A new critical remote code execution (RCE) flaw discovered impacting multiple services related to Microsoft Azure could be exploited by a malicious actor to completely take control of a targeted application.
"The vulnerability is achieved through CSRF (cross-site request forgery) on the ubiquitous SCM service Kudu," Ermetic researcher Liv Matan said in a report shared with The Hacker News. "By abusing the vulnerability, attackers can deploy malicious ZIP files containing a payload to the victim's Azure application."
The Israeli cloud infrastructure security firm, which dubbed the shortcoming EmojiDeploy, said it could further enable the theft of sensitive data and lateral movement to other Azure services.
Microsoft has since fixed the vulnerability as of December 6, 2022, following responsible disclosure on October 26, 2022, in addition to awarding a bug bounty of $30,000.
The Windows maker describes Kudu as the "engine behind a number of features in Azure App Service related to source control based deployment, and other deployment methods like Dropbox and OneDrive sync."
In a hypothetical attack chain devised by Ermetic, an adversary could exploit the CSRF vulnerability in the Kudu SCM panel to defeat safeguards put in place to thwart cross-origin attacks by issuing a specially crafted request to the "/api/zipdeploy" endpoint to deliver a malicious archive (e.g., web shell) and gain remote access.
Cross-site request forgery, also known as sea surf or session riding, is an attack vector whereby a threat actor tricks an authenticated user of a web application into executing unauthorized commands on their behalf.

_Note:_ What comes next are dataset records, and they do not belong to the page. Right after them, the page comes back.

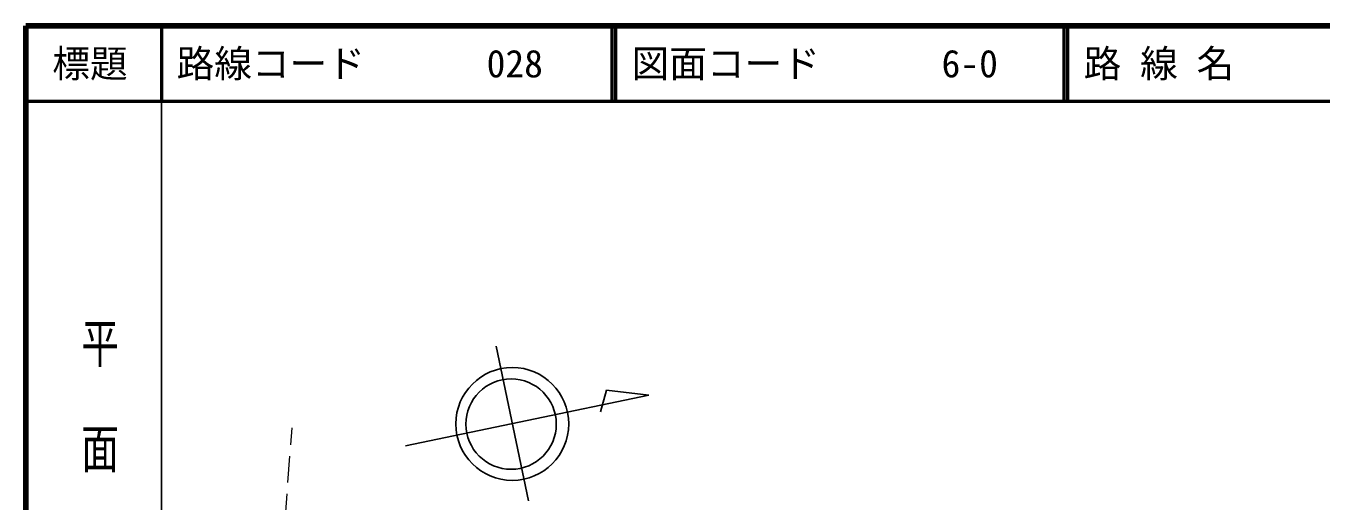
# Model space of a CAD drawing. Units: millimetres, scale not verified. Extents: x 40000 to 680000, y 20000 to 380000.
# Drawn here: x 40000 to 211892, y 316906 to 380000 of the extents above; entities that cross this region are included whole.
import ezdxf
from ezdxf.enums import TextEntityAlignment as Align

# ---------------------------------------------------------------- set-up
doc = ezdxf.new("R2010")
doc.units = ezdxf.units.MM
doc.header["$LTSCALE"] = 1000
doc.linetypes.add('CHAIN', pattern=[18.5, 12, -1.5, 3.5, -1.5])
for name, color, linetype, lineweight in [('M-BGD', 7, 'Continuous', 25), ('M-BMK', 2, 'CHAIN', 13), ('M-TTL', 2, 'Continuous', 140), ('M-TTL-BAND', 7, 'Continuous', 25), ('M-TTL-LINE', 7, 'Continuous', 50)]:
    doc.layers.add(name, color=color, linetype=linetype, lineweight=lineweight)
doc.layers.add('M-TTL-TXT', color=7, linetype='Continuous')
doc.styles.add('@ＭＳ ゴシック', font='')
doc.styles.add('ＭＳ ゴシック', font='')
doc.styles.get('@ＭＳ ゴシック').set_extended_font_data('@MS Gothic')
doc.styles.get('ＭＳ ゴシック').set_extended_font_data('MS Gothic')

msp = doc.modelspace()

# ---------------------------------------------------------------- linework, layer by layer
at = {"layer": 'M-BGD'}
for p, q in [((102397, 337464), (106689, 316926)), ((90362, 324231), (122664, 330983)), ((117042, 331651), (116274, 328753)), ((122664, 330983), (117042, 331651))]:
    msp.add_line(p, q, dxfattribs=at)
for centre, radius in [((104552, 327154), 7493), ((104395, 327130), 5995)]:
    msp.add_circle(centre, radius, dxfattribs=at)
at = {"layer": 'M-BMK'}
msp.add_line((72352, 287480), (75327, 326617), dxfattribs=at)
at = {"layer": 'M-TTL'}
for p, q in [((40000, 380000), (40000, 20000)), ((680000, 380000), (40000, 380000))]:
    msp.add_line(p, q, dxfattribs=at)
at = {"layer": 'M-TTL-BAND'}
msp.add_line((58000, 370000), (58000, 20000), dxfattribs=at)
at = {"layer": 'M-TTL-LINE'}
for p, q in [((58000, 380000), (58000, 370000)), ((117750, 380000), (117750, 370000)), ((118250, 380000), (118250, 370000)), ((177750, 380000), (177750, 370000)), ((178250, 380000), (178250, 370000)), ((40000, 370000), (680000, 370000))]:
    msp.add_line(p, q, dxfattribs=at)

# ---------------------------------------------------------------- texts
at = {"layer": 'M-TTL-BAND', "style": '@ＭＳ ゴシック', "width": 1.4}
msp.add_text('平  面  図', height=3666, rotation=270, dxfattribs=at).set_placement((49777, 306475), align=Align.MIDDLE_RIGHT)
at = {"layer": 'M-TTL-TXT', "style": 'ＭＳ ゴシック'}
msp.add_text('標題', height=3666, dxfattribs=at).set_placement((48500, 375000), align=Align.MIDDLE_CENTER)
for s, p in [('路線コード', (60000, 375000)), ('028', (101142, 375000)), ('図面コード', (120380, 375000)), ('6-0', (161521, 375000)), ('路 線 名', (180380, 375000))]:
    msp.add_text(s, height=3666, dxfattribs=at).set_placement(p, align=Align.MIDDLE_LEFT)

doc.saveas('drawing.dxf')

The ZIP file, for its part, is encoded in the body of the HTTP request, prompting the victim application to navigate to an actor-control domain hosting the malware via the server's same-origin policy bypass.
"The impact of the vulnerability on the organization as a whole depends on the permissions of the applications managed identity," the company said. "Effectively applying the principle of least privilege can significantly limit the blast radius."
The findings come days after Orca Security revealed four instances of server-side request forgery (SSRF) attacks impacting Azure API Management, Azure Functions, Azure Machine Learning, and Azure Digital Twins.